AIM OF THE EXERCISE -> Leaving out the pictures, please retype each record exactly.

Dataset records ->
━━━━━━━━━━

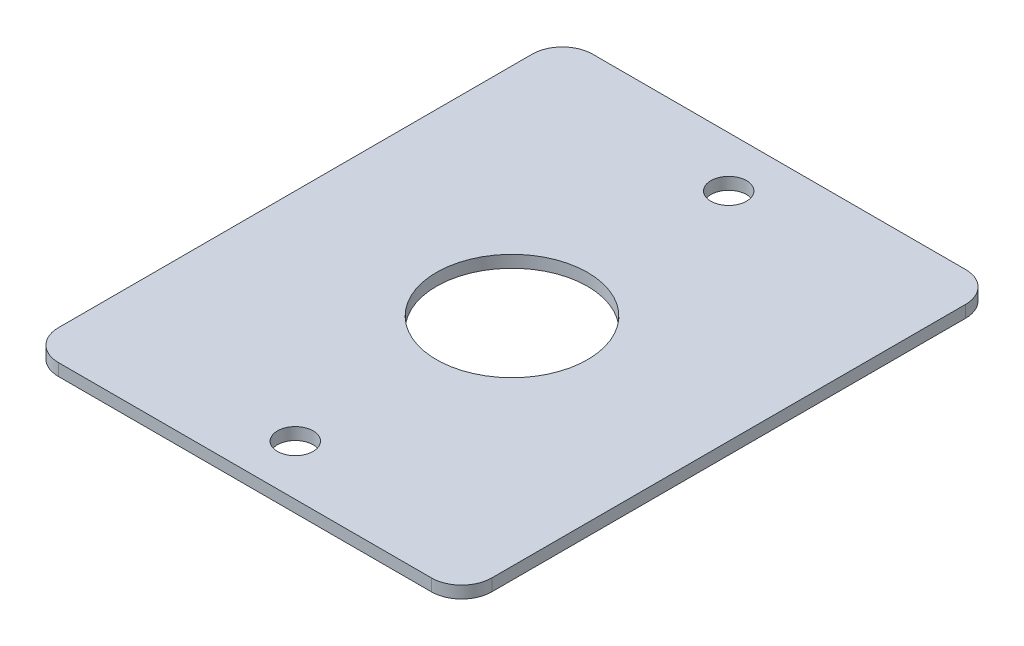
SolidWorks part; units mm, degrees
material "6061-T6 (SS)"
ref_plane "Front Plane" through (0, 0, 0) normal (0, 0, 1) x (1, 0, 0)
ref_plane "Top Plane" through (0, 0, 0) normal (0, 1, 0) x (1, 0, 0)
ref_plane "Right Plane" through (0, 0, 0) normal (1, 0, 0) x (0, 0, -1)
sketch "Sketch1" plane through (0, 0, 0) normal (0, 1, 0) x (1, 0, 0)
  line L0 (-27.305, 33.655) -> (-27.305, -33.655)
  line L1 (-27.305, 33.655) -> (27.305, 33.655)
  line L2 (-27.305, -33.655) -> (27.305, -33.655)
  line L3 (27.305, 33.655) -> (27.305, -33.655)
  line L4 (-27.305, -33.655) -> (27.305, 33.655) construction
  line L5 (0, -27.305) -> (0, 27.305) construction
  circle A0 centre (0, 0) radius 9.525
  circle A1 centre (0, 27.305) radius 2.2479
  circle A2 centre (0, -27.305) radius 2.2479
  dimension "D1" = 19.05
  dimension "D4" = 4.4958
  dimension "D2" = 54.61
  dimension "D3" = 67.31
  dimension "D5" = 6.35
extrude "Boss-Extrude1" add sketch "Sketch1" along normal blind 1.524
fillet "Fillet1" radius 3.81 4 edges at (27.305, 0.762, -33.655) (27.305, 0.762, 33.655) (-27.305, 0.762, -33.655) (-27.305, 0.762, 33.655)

━━━━━━━━━━

SOLUTION TO THE EXERCISE ->
SolidWorks part; units mm, degrees
material "6061-T6 (SS)"
ref_plane "Front Plane" through (0, 0, 0) normal (0, 0, 1) x (1, 0, 0)
ref_plane "Top Plane" through (0, 0, 0) normal (0, 1, 0) x (1, 0, 0)
ref_plane "Right Plane" through (0, 0, 0) normal (1, 0, 0) x (0, 0, -1)
sketch "Sketch1" plane through (0, 0, 0) normal (0, 1, 0) x (1, 0, 0)
  line L0 (-27.305, 33.655) -> (-27.305, -33.655)
  line L1 (-27.305, 33.655) -> (27.305, 33.655)
  line L2 (-27.305, -33.655) -> (27.305, -33.655)
  line L3 (27.305, 33.655) -> (27.305, -33.655)
  line L4 (-27.305, -33.655) -> (27.305, 33.655) construction
  line L5 (0, -27.305) -> (0, 27.305) construction
  circle A0 centre (0, 0) radius 9.525
  circle A1 centre (0, 27.305) radius 2.2479
  circle A2 centre (0, -27.305) radius 2.2479
  dimension "D1" = 19.05
  dimension "D4" = 4.4958
  dimension "D2" = 54.61
  dimension "D3" = 67.31
  dimension "D5" = 6.35
extrude "Boss-Extrude1" add sketch "Sketch1" along normal blind 1.524
fillet "Fillet1" radius 3.81 4 edges at (27.305, 0.762, -33.655) (27.305, 0.762, 33.655) (-27.305, 0.762, -33.655) (-27.305, 0.762, 33.655)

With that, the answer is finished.